Bila hipokalsemi sangat berat dapat diberikan 100 mL kalsium glukonas 10% dalam
1 L dektrose 5% secara lambat, lebih dari 4 jam.
Bila masih belum dapat mengatasi tetani, dapat diberikan magnesium karena
tetani sering berhubungan dengan hipomagnesemia dengan dosis 2 mL MgSO4
50% secara intra muskuler. Di samping hal tersebut di atas, dapat diberikan
juga hidroklortiazid (HCT) dengan dosis 50-100 miligram/hari, vitamin D,
koreksi pH darah bila ada alkalosis.
Pemberian vitamin B6 100 mg dapat membantu metabolisme serotonin serta
absorpsi dan uptake magnesium oleh
sel. Selain itu, psikoterapi dapat membantu dalam penatalaksanaan spasmofilia.

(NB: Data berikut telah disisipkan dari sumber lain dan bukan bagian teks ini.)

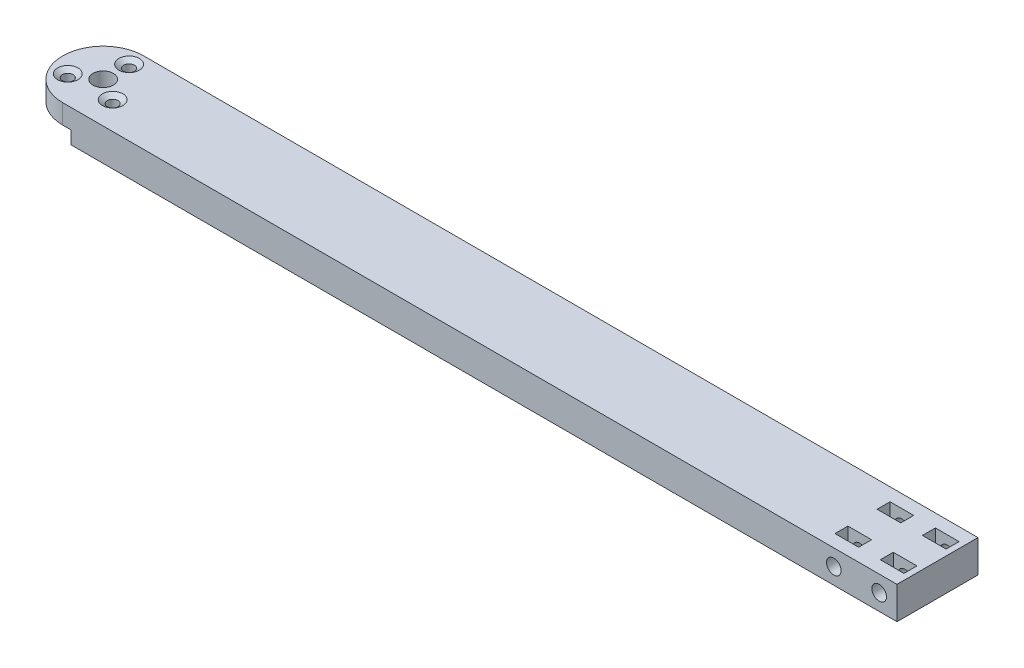
from build123d import *

# Parameters (mm, degrees)
SKETCH1_W           = 270
SKETCH1_H           = 25
BOSS_EXTRUDE1_DEPTH = 10
CUT_EXTRUDE1_REACH  = 273.339
SKETCH2_R           = 3.15
FILLET1_R           = 12.5
SKETCH3_R           = 2.25
CUT_EXTRUDE2_DEPTH  = 272.339271024
CUT_EXTRUDE5_REACH  = 273.339
SKETCH5_W           = 7.3
SKETCH5_H           = 4
SKETCH6_R           = 12.75
CUT_EXTRUDE6_DEPTH  = 4
CUT_EXTRUDE7_REACH  = 273.221
SKETCH7_R           = 1.65
CHAMFER1_SIZE       = 1.5
CHAMFER1_SIZE2      = 1.050311307


with BuildPart() as part:
    # Sketch1 → Boss-Extrude1 (new body)
    with BuildSketch(Plane(origin=(0, 0, 0), x_dir=(1, 0, 0), z_dir=(0, 1, 0))):
        with Locations((135, 12.5)):
            Rectangle(SKETCH1_W, SKETCH1_H)
    extrude(amount=BOSS_EXTRUDE1_DEPTH)

    # Sketch2 → Cut-Extrude1 (cut, up to next)
    with BuildSketch(Plane(origin=(0, 10, 0), x_dir=(1, 0, 0), z_dir=(0, 1, 0)), mode=Mode.PRIVATE) as cut_extrude1_sk1:
        with Locations(Location((12.5, 12.5, 0), (0, 0, 270))):
            Circle(SKETCH2_R)
    cut_extrude1_tool1 = extrude(cut_extrude1_sk1.sketch, amount=-CUT_EXTRUDE1_REACH, mode=Mode.PRIVATE) & part.part
    add(cut_extrude1_tool1.solids().sort_by_distance((12.5, 10, -12.5))[0], mode=Mode.SUBTRACT)

    # Fillet1
    fillet1_edges = [part.edges().sort_by_distance(p)[0] for p in [
        (0, 5, 0),
        (0, 5, -25),
    ]]
    fillet(fillet1_edges, radius=FILLET1_R - 0.0001)  # a hair under: the kernel refuses the full size

    # Sketch3 → Cut-Extrude2 (cut, through all)
    with BuildSketch(Plane(origin=(0, 0, -25), x_dir=(-1, 0, 0), z_dir=(0, 0, -1))):
        with Locations((-264.5, 5)):
            Circle(SKETCH3_R)
        with Locations((-250.5, 5)):
            Circle(SKETCH3_R)
    extrude(amount=-CUT_EXTRUDE2_DEPTH, mode=Mode.SUBTRACT)

    # Sketch5 → Cut-Extrude5 (cut, up to next)
    with BuildSketch(Plane(origin=(0, 10, 0), x_dir=(1, 0, 0), z_dir=(0, 1, 0)), mode=Mode.PRIVATE) as cut_extrude5_sk1:
        with Locations((264.5, 19)):
            Rectangle(SKETCH5_W, SKETCH5_H)
    cut_extrude5_tool1 = extrude(cut_extrude5_sk1.sketch, amount=-CUT_EXTRUDE5_REACH, mode=Mode.PRIVATE) & part.part
    # Sketch5 → Cut-Extrude5 (cut, up to next)
    with BuildSketch(Plane(origin=(0, 10, 0), x_dir=(1, 0, 0), z_dir=(0, 1, 0)), mode=Mode.PRIVATE) as cut_extrude5_sk2:
        with Locations((264.5, 6)):
            Rectangle(SKETCH5_W, SKETCH5_H)
    cut_extrude5_tool2 = extrude(cut_extrude5_sk2.sketch, amount=-CUT_EXTRUDE5_REACH, mode=Mode.PRIVATE) & part.part
    # Sketch5 → Cut-Extrude5 (cut, up to next)
    with BuildSketch(Plane(origin=(0, 10, 0), x_dir=(1, 0, 0), z_dir=(0, 1, 0)), mode=Mode.PRIVATE) as cut_extrude5_sk3:
        with Locations((250.5, 19)):
            Rectangle(SKETCH5_W, SKETCH5_H)
    cut_extrude5_tool3 = extrude(cut_extrude5_sk3.sketch, amount=-CUT_EXTRUDE5_REACH, mode=Mode.PRIVATE) & part.part
    # Sketch5 → Cut-Extrude5 (cut, up to next)
    with BuildSketch(Plane(origin=(0, 10, 0), x_dir=(1, 0, 0), z_dir=(0, 1, 0)), mode=Mode.PRIVATE) as cut_extrude5_sk4:
        with Locations((250.5, 6)):
            Rectangle(SKETCH5_W, SKETCH5_H)
    cut_extrude5_tool4 = extrude(cut_extrude5_sk4.sketch, amount=-CUT_EXTRUDE5_REACH, mode=Mode.PRIVATE) & part.part
    add(cut_extrude5_tool1.solids().sort_by_distance((264.5, 10, -19))[0], mode=Mode.SUBTRACT)
    add(cut_extrude5_tool2.solids().sort_by_distance((264.5, 10, -6))[0], mode=Mode.SUBTRACT)
    add(cut_extrude5_tool3.solids().sort_by_distance((250.5, 10, -19))[0], mode=Mode.SUBTRACT)
    add(cut_extrude5_tool4.solids().sort_by_distance((250.5, 10, -6))[0], mode=Mode.SUBTRACT)

    # Sketch6 → Cut-Extrude6 (cut)
    with BuildSketch(Plane.XZ):
        with Locations((12.5, -12.5)):
            Circle(SKETCH6_R)
    extrude(amount=-CUT_EXTRUDE6_DEPTH, mode=Mode.SUBTRACT)

    # Sketch7 → Cut-Extrude7 (cut, up to next)
    with BuildSketch(Plane.XZ.offset(-4), mode=Mode.PRIVATE) as cut_extrude7_sk1:
        with Locations(Location((12.5, -20.5, 0), (0, 0, 270))):
            Circle(SKETCH7_R)
    cut_extrude7_tool1 = extrude(cut_extrude7_sk1.sketch, amount=-CUT_EXTRUDE7_REACH, mode=Mode.PRIVATE) & part.part
    # Sketch7 → Cut-Extrude7 (cut, up to next)
    with BuildSketch(Plane.XZ.offset(-4), mode=Mode.PRIVATE) as cut_extrude7_sk2:
        with Locations(Location((5.57179677, -8.5, 0), (0, 0, 270))):
            Circle(SKETCH7_R)
    cut_extrude7_tool2 = extrude(cut_extrude7_sk2.sketch, amount=-CUT_EXTRUDE7_REACH, mode=Mode.PRIVATE) & part.part
    # Sketch7 → Cut-Extrude7 (cut, up to next)
    with BuildSketch(Plane.XZ.offset(-4), mode=Mode.PRIVATE) as cut_extrude7_sk3:
        with Locations(Location((19.42820323, -8.5, 0), (0, 0, 270))):
            Circle(SKETCH7_R)
    cut_extrude7_tool3 = extrude(cut_extrude7_sk3.sketch, amount=-CUT_EXTRUDE7_REACH, mode=Mode.PRIVATE) & part.part
    add(cut_extrude7_tool1.solids().sort_by_distance((12.5, 4, -20.5))[0], mode=Mode.SUBTRACT)
    add(cut_extrude7_tool2.solids().sort_by_distance((5.571797, 4, -8.5))[0], mode=Mode.SUBTRACT)
    add(cut_extrude7_tool3.solids().sort_by_distance((19.428203, 4, -8.5))[0], mode=Mode.SUBTRACT)

    # Chamfer1
    chamfer1_edges = [part.edges().sort_by_distance(p)[0] for p in [
        (12.5, 10, -18.85),
        (5.57179677, 10, -6.85),
        (19.42820323, 10, -6.85),
    ]]
    chamfer1_side = [part.faces().sort_by_distance(p)[0] for p in [
        (135.233508086, 10, -12.5),
    ]]
    chamfer(chamfer1_edges, length=CHAMFER1_SIZE, length2=CHAMFER1_SIZE2, reference=chamfer1_side[0])


solid = part.part

Psikoterapi membantu menyelesaikan masalah emosional pada pasien termasuk di
dalamnya adalah terapi perilaku (cognitive
behavioral therapy).
Karena hiperventilasi sering merupakan bagian dari serangan panik maka
dapat diberikan obat antiansietas golongan benzodiazepine atau SSRI (selective serotonin reuptake inhibitor).
2.9 Pencegahan
Spasmofilia
Spasmofili dapat
disembuhkan. Pasien biasanya dapat diberikan asupan suplemen kalsium, magnesium
dan kalium. Selain itu pasien juga perlu memperbaikin pola diet dengan
mengonsumsi makanan- makanan yang banyak mengandung sumber kalsium, kalium dan
magnesium. Selain itu, pasien juga perlu berolahraga ringan dan melakukan
pemijatan otot atau fisiotrapi otot untuk relaksai otot.
2.10 Komplikasi
Spasmofilia
Kurangnya perawatan dan waktu pengobatan
yang tepat dapat menyebabkan
1. Hiperventilasi
sindrom
Dari
42,9% pasien yang menderita spasmofilia berkaitan dengan hyperventilation
syndrome (HVS) dengan karateristik dari serangan hyperventilation fungsional
yang tidak mendasar.
2. Apneu
dan kehiangan kesadaran
Dari
5 pasien yang menderita HVS terserang apneu dan kehilangan kesadaran. Dengan deteksi awal patologi dan pemulihan konsentrasi
kalsium,prognosisnya akan baik.
2.11 Prognosis
Spasmofilia
Spasmofilia
dapat disembuhkan. Pasien biasanya dapat diberikan asupan supleen kalsium,
magnesium, dan kalium. Selain itu pasien jga perlu memperbaiki pola diet dengan
mengkonsumsi makanan-makanan yang banyak mengandung sumber kalsium,kaliaum dan
magnesium selain itu pasien juga harus berolahraga ringan dan melakukan
pemijatan otot untuk relaksasi otot.Prognosis serangan akut adalah baik. Pada
kasus kronik 65% mengalami perbaikan dan 26% keuhan hilang dalam 7 tahun.
Prognosis dapat memperbaiki dengan latihanpernafasan dan psikoterapi.